他的聲音又沉又冷,近乎無情。
商楹感覺自己在浪潮中翻湧,彷彿置身於風暴中心地帶,快要被溼熱的水蒸汽催化了。
她軟著聲音,“我錯了,我當時不該對你說出那樣的話。”
“晚了,我今天,很不高興。”徐晉西不會這麼輕易放過她,溫柔吻了吻她的耳廓。
低沉醇厚的嗓音,混著水霧,如同潮溼的沼澤地,誘她深陷。
她溼透的長髮在燈影下蕩落,在水中漫散開,如同飄柔的絲藻。
商楹抱住他的肩膀,像大海中尋找島嶼,亟待靠岸的船。
然而她並不知道,島嶼也未必就可棲息。
深藏其中的猛獸只會將她吃得骨頭都不剩。
徐晉西託著她的腿,將她抱起來,往浴室外面走,商楹將頭擱在他硬朗的肩胛骨上。
路過那面滿是水汽的鏡子時,商楹迷迷濛濛間看見,她是如何攀附在他身上的。
像菟絲子和被其寄生的植物。
纏纏繞繞地相依。
偌大空寂的室內,天花板奢華的水晶吊燈散發著的昏昏淡淡的光芒。
商楹被他抵於落地窗前,手掌撐在玻璃上,原本還算潔淨的玻璃多了幾道汗涔涔的掌印。
深夜的高雪維爾,忽然風雪肆虐。
雪花紛紛揚揚地落下,彷彿不知疲倦,壓在光禿禿的枯枝枝頭。
他像是仍舊不解氣,捏著她的下頜,強迫她看向自己,“以後不許再說這種話,知道了嗎?”
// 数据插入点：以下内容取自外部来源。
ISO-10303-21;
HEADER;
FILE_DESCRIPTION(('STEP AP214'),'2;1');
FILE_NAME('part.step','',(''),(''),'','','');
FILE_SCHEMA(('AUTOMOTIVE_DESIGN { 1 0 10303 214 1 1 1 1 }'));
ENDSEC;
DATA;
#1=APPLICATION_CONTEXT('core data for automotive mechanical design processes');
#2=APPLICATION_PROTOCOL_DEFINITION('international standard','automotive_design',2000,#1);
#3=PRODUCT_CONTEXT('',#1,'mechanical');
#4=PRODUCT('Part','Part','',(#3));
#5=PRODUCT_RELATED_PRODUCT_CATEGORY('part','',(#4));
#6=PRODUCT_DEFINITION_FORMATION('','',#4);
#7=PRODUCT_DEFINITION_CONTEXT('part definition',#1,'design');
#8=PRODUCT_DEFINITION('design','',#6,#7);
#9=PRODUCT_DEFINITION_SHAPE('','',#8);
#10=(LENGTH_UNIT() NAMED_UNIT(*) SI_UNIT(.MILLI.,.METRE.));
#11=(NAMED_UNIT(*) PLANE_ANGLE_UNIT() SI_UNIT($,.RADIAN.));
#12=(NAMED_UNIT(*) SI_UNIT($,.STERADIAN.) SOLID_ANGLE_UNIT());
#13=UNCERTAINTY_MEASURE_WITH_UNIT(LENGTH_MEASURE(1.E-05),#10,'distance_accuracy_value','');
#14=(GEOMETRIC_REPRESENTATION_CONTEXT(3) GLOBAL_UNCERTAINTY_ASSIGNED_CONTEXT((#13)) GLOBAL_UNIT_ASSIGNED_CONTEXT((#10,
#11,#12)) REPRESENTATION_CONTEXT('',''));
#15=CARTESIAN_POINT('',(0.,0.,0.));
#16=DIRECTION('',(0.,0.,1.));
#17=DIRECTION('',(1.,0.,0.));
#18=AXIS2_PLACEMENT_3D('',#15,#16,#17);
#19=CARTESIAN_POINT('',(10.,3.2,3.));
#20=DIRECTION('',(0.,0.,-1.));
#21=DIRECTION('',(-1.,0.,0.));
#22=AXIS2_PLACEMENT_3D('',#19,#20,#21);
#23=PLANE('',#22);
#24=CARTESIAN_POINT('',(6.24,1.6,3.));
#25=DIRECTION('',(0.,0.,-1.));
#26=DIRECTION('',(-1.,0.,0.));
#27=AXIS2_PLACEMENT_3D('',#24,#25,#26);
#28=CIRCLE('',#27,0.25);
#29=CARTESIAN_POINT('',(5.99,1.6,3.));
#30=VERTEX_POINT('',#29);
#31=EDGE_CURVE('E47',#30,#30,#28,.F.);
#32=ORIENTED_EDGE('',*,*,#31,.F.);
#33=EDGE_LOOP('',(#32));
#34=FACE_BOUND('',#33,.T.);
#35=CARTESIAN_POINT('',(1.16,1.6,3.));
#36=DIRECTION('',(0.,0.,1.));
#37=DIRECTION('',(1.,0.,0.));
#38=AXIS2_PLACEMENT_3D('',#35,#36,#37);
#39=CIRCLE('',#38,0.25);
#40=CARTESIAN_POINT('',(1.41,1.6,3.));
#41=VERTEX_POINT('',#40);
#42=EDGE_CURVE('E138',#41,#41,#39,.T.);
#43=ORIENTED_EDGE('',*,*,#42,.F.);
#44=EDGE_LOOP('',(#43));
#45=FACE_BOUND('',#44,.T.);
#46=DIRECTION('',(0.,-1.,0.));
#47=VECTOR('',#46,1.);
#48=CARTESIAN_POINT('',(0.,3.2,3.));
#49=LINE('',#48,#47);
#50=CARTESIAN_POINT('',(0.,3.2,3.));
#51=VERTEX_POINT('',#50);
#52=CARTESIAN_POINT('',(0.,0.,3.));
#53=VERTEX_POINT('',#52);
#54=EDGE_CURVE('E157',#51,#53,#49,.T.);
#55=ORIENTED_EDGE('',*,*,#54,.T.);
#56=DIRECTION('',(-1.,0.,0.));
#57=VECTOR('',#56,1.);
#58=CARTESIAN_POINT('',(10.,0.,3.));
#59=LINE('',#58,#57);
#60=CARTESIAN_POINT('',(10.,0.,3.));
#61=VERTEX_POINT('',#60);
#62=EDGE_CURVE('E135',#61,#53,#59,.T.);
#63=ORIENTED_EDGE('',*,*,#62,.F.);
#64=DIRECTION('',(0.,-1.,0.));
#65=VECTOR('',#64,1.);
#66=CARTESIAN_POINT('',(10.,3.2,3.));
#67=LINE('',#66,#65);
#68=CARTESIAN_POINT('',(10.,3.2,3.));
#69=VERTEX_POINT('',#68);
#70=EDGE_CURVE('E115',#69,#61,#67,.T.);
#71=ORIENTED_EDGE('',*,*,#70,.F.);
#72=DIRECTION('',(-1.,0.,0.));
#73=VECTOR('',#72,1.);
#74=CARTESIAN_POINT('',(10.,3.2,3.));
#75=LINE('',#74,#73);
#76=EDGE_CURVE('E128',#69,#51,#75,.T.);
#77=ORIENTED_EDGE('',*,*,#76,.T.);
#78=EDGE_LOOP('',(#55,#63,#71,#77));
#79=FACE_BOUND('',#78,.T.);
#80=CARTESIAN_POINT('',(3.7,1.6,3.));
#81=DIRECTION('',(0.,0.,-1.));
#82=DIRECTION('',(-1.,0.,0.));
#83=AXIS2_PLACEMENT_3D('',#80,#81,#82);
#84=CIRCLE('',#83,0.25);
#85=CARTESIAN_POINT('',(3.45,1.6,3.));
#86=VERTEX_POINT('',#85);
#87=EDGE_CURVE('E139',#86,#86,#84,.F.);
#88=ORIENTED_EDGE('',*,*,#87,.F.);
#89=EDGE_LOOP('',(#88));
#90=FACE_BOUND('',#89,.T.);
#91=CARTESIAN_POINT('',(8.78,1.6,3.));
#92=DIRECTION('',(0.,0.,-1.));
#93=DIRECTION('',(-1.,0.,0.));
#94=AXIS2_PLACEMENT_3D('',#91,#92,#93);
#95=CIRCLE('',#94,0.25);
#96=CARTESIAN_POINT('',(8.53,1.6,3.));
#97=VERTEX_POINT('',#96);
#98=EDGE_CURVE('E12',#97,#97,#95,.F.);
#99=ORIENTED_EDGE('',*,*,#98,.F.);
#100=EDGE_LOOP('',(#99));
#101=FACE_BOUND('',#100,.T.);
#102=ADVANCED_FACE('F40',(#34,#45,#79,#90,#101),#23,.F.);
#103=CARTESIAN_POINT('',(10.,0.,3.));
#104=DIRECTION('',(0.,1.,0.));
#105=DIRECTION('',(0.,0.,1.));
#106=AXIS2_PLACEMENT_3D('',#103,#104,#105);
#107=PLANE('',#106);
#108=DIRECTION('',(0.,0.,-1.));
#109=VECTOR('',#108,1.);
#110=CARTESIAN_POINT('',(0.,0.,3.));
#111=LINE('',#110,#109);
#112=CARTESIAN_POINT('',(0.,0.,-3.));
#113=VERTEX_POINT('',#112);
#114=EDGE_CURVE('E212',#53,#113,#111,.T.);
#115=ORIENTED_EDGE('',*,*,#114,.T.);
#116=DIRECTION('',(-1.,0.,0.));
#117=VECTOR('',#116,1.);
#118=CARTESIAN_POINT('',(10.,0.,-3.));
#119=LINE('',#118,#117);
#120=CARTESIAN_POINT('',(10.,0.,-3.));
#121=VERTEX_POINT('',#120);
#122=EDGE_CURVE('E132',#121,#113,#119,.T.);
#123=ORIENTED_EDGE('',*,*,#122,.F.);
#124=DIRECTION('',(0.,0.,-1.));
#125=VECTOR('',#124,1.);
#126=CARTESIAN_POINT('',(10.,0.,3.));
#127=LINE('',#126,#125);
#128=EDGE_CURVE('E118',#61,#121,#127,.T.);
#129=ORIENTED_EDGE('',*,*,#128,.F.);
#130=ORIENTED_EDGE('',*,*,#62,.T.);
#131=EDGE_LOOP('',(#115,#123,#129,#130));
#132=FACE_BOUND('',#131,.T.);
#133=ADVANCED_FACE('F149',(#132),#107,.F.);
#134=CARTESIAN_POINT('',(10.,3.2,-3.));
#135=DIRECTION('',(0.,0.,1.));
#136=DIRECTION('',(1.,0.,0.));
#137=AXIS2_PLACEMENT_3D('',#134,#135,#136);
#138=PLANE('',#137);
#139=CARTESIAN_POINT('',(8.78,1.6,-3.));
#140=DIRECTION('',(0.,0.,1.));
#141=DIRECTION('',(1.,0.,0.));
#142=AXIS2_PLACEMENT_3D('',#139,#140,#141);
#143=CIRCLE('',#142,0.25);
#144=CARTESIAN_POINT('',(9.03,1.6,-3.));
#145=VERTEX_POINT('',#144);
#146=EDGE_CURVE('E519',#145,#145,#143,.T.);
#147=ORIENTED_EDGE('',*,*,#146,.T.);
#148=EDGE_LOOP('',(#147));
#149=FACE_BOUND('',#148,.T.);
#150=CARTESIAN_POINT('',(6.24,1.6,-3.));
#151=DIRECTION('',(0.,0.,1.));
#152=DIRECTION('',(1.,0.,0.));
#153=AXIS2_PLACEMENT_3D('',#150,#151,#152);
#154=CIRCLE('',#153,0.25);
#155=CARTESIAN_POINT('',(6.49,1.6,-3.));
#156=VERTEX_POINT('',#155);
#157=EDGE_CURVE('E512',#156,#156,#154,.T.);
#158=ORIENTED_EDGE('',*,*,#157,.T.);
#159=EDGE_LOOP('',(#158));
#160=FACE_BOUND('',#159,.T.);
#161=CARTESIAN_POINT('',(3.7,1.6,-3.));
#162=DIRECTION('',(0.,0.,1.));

她抽泣著,像一根破碎的琴絃,不斷髮出破碎的音調:“知……知道了。”
“以後,都不能說不要哥哥。”
徐晉西將頭埋進她的肩窩,聲音壓得很低,絲絲縷縷地鑽進商楹耳中。
但商楹已經沒有精力去思考其中的深意了。
和他在一起後,她像是確診了患得患失的心病,小心翼翼維護著他們之間的第二層關係,害怕徐晉西不要她。
但其實,徐晉西一直清楚,他才是更離不開她的那個人。
包括那一夜,他其實知道自己,比誰都清醒。
……
平穩行駛的車上,一陣手機鈴聲突然響起來,拽回商楹逐漸變味的思緒。
她回神,摸了摸自己的臉蛋,熱得燙手,於是降下一點車窗。